Homenagem pelo transcurso, no dia 19 do corrente, do Dia do Índio.

Autor
Cristovam Buarque (PDT - Partido Democrático Trabalhista/DF)
Nome completo: Cristovam Ricardo Cavalcanti Buarque
Casa
Senado Federal
Tipo
Discurso
Resumo por assunto
HOMENAGEM, EDUCAÇÃO.:
  • Homenagem pelo transcurso, no dia 19 do corrente, do Dia do Índio.
Publicação
Publicação no DSF de 14/04/2012 - Página 12427
Assunto
Outros > HOMENAGEM, EDUCAÇÃO.
Indexação
  • HOMENAGEM, ORADOR, IMPORTANCIA, DIA NACIONAL, INDIO, REGISTRO, ARTIGO DE IMPRENSA, AUTORIA, ESCRITOR, PUBLICAÇÃO, PERIODICO, ASSUNTO, HISTORIA, GENOCIDIO, GRUPO INDIGENA, BRASIL.
  • CRITICA, OMISSÃO, BRASIL, EXPLORAÇÃO, GENOCIDIO, POPULAÇÃO, INDIO, NEGRO, DESENVOLVIMENTO, INTELECTUAL, CRIANÇA, FATO, DECADENCIA, ENSINO, INSUFICIENCIA, INVESTIMENTO, POLITICA EDUCACIONAL.

            O SR. CRISTOVAM BUARQUE (Bloco/PDT - DF. Pronuncia o seguinte discurso. Sem revisão do orador.) - Um bom-dia a cada uma e a cada um, meus agradecimentos ao Senador Acir, que me permitiu falar no seu lugar para poder ter tempo para outras atividades que tenho hoje ainda, e minha satisfação de ter aqui o Presidente da Comissão de Direitos Humanos presidindo esta sessão.

            O que quero falar, Sr. Presidente, é de uma data de que muitos não percebem a importância que tem, que vai ocorrer na próxima semana, que é o chamado Dia do Índio. No dia 19 de abril, nós comemoramos os índios brasileiros, e nós temos obrigação fundamental de comemorar, por tudo de mal que foi feito contra os índios brasileiros, ao longo de 500 anos da nossa história, reduzindo a sua população, de 5 milhões, naquela época, para 350 mil hoje, ou seja, um genocídio das maiores dimensões da história do mundo inteiro.

            Os nazistas provocaram o Holocausto, que envergonha a humanidade inteira, porque terminamos assistindo àquilo que acontecia com as perseguições ao povo judeu. Mas nós aqui, Senador Paim, não fizemos duas, nós fizemos três holocaustos, um deles contra os índios; o outro contra os negros, escravos que vieram para este País e o terceiro estamos fazendo e falarei no final do meu discurso.

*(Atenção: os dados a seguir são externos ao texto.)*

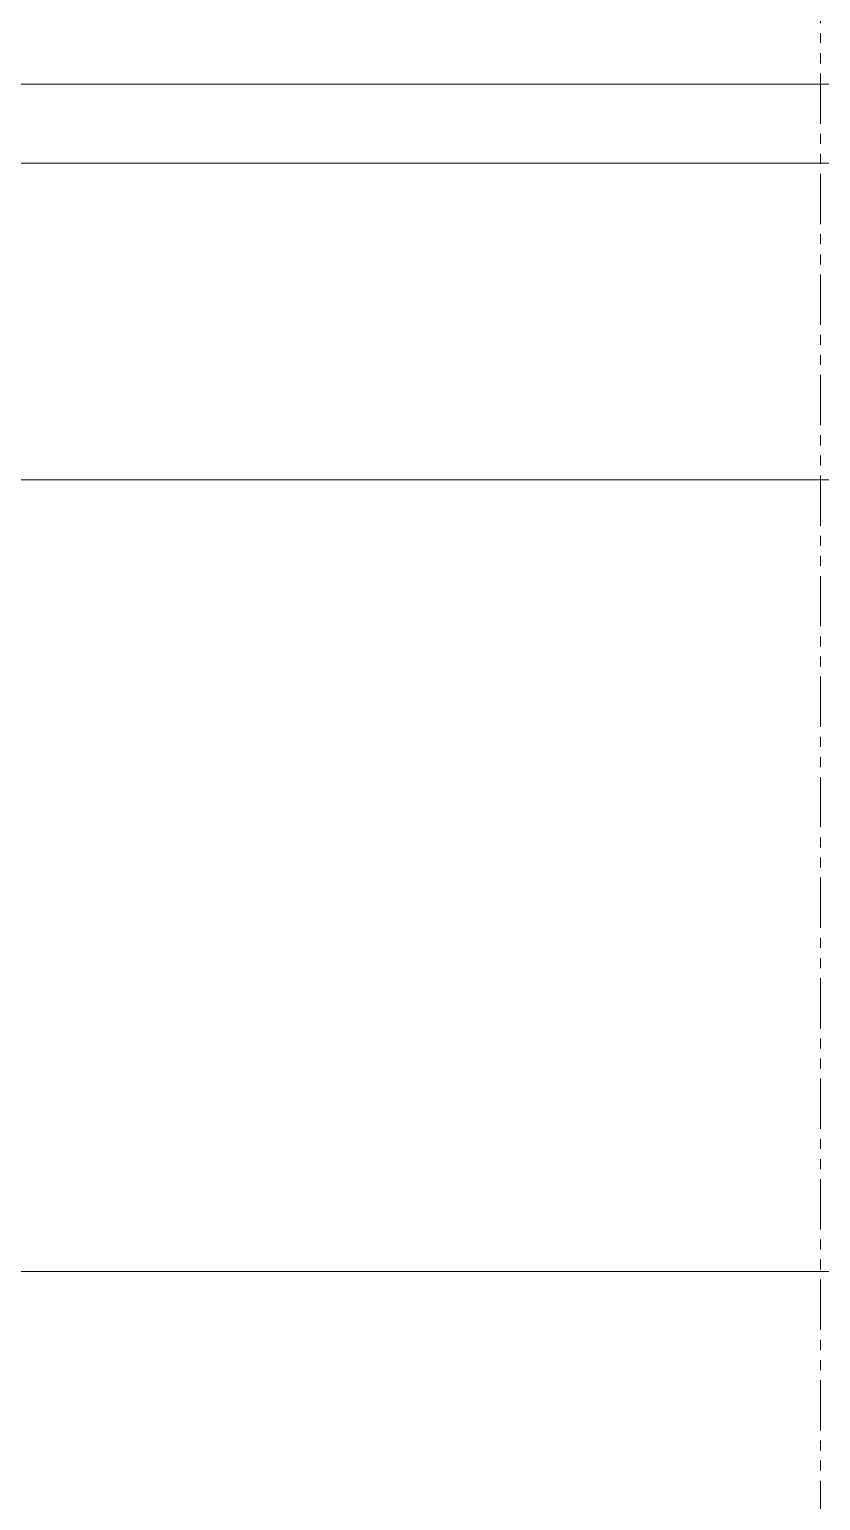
# Model space of a CAD drawing. Header units: inches. Extents: x 1381 to 8971, y 493 to 2599.
# Drawn here: x 7764.4 to 7864.4, y 821.3 to 1007.1 of the extents above; entities that cross this region are included whole.
import ezdxf
from ezdxf.enums import TextEntityAlignment as Align

# ---------------------------------------------------------------- set-up
doc = ezdxf.new("R2010")
doc.units = ezdxf.units.IN
doc.header["$MEASUREMENT"] = 0
doc.linetypes.add('PHANTOM', pattern=[12.7, 6.35, -1.27, 1.27, -1.27, 1.27, -1.27])
doc.layers.add('PK24-SYS-ROOM', color=8, linetype='Continuous', true_color=0x808080)
doc.layers.add('PK24E-HELPER', color=253, linetype='PHANTOM', true_color=0xa1a1a1)
doc.layers.add('PK24E', color=7, linetype='Continuous')
doc.layers.add('PK24E-DATA', color=7, linetype='Continuous')
doc.styles.add('Impact', font='impact.ttf', dxfattribs={"height": 5})
doc.styles.get("Standard").update_dxf_attribs({"font": 'arial.ttf'})

# ---------------------------------------------------------------- blocks, each defined once
blk = doc.blocks.new('*U7')
at = {"layer": 'PK24-SYS-ROOM', "color": 2, "lineweight": 5}
for p, q in [((-140, 200), (140, 200)), ((-140, 160), (140, 160)), ((-140, 60), (140, 60))]:
    blk.add_line(p, q, dxfattribs=at)
at = {"layer": 'PK24-SYS-ROOM', "lineweight": 5}
blk.add_lwpolyline([(-140, 0), (140, 0), (140, 210), (-140, 210)], close=True, dxfattribs=at)
at = {"layer": 'PK24-SYS-ROOM', "color": 3, "lineweight": 5, "style": 'Impact'}
blk.add_attdef('ROOMNO', text='', height=10, dxfattribs=at).set_placement((178.82, 230), align=Align.CENTER)
at = {"layer": 'PK24E-DATA', "lineweight": 5}
for tag, p in [('COMP_TYPE', (-150, 20)), ('GROUND_ID', (-150, 10)), ('LEVEL_ID', (-150, 0))]:
    blk.add_attdef(tag, p, '', height=5, dxfattribs=at)
blk = doc.blocks.new('*U40')
at = {"layer": 'PK24E-HELPER', "lineweight": 5}
blk.add_line((0, 478.05), (0, -150), dxfattribs=at)

msp = doc.modelspace()

# ---------------------------------------------------------------- block references
at = {"layer": 'PK24E', "lineweight": 5}
for name in ['*U40', '*U7']:
    msp.add_blockref(name, (7864.41, 790.22), dxfattribs=at)

doc.saveas('drawing.dxf')

            O primeiro, creio que vale a pena a gente citar a tragédia desse holocausto e para isso uso um texto escrito por Edison Barbiere na revista Mundo e Missão. Ele escreveu não tudo que vou ler, mas ele escreveu, por exemplo, que:

Em pleno Brasil 500 anos, longe da costa atlântica - onde alguns milhões de índios morreram a partir da chegada dos colonizadores europeus, em 1500 -, diversos grupos indígenas brasileiros ainda vivem isolados no coração da floresta amazônica. Em redutos preservados, alguns reagem à aproximação dos brancos. O grupo arredio que vive na reserva biológica do Guaporé, em Rondônia, finca estacas nas trilhas da floresta, na tentativa de conter os caminhões carregados de madeira. Outros aceitam a presença branca em seus territórios e, em geral, acabam pagando um alto preço por esse gesto de confiança - doenças, mortes, alcoolismo, invasão de suas terras e perda de sua identidade cultural e até de suicídios em massa”.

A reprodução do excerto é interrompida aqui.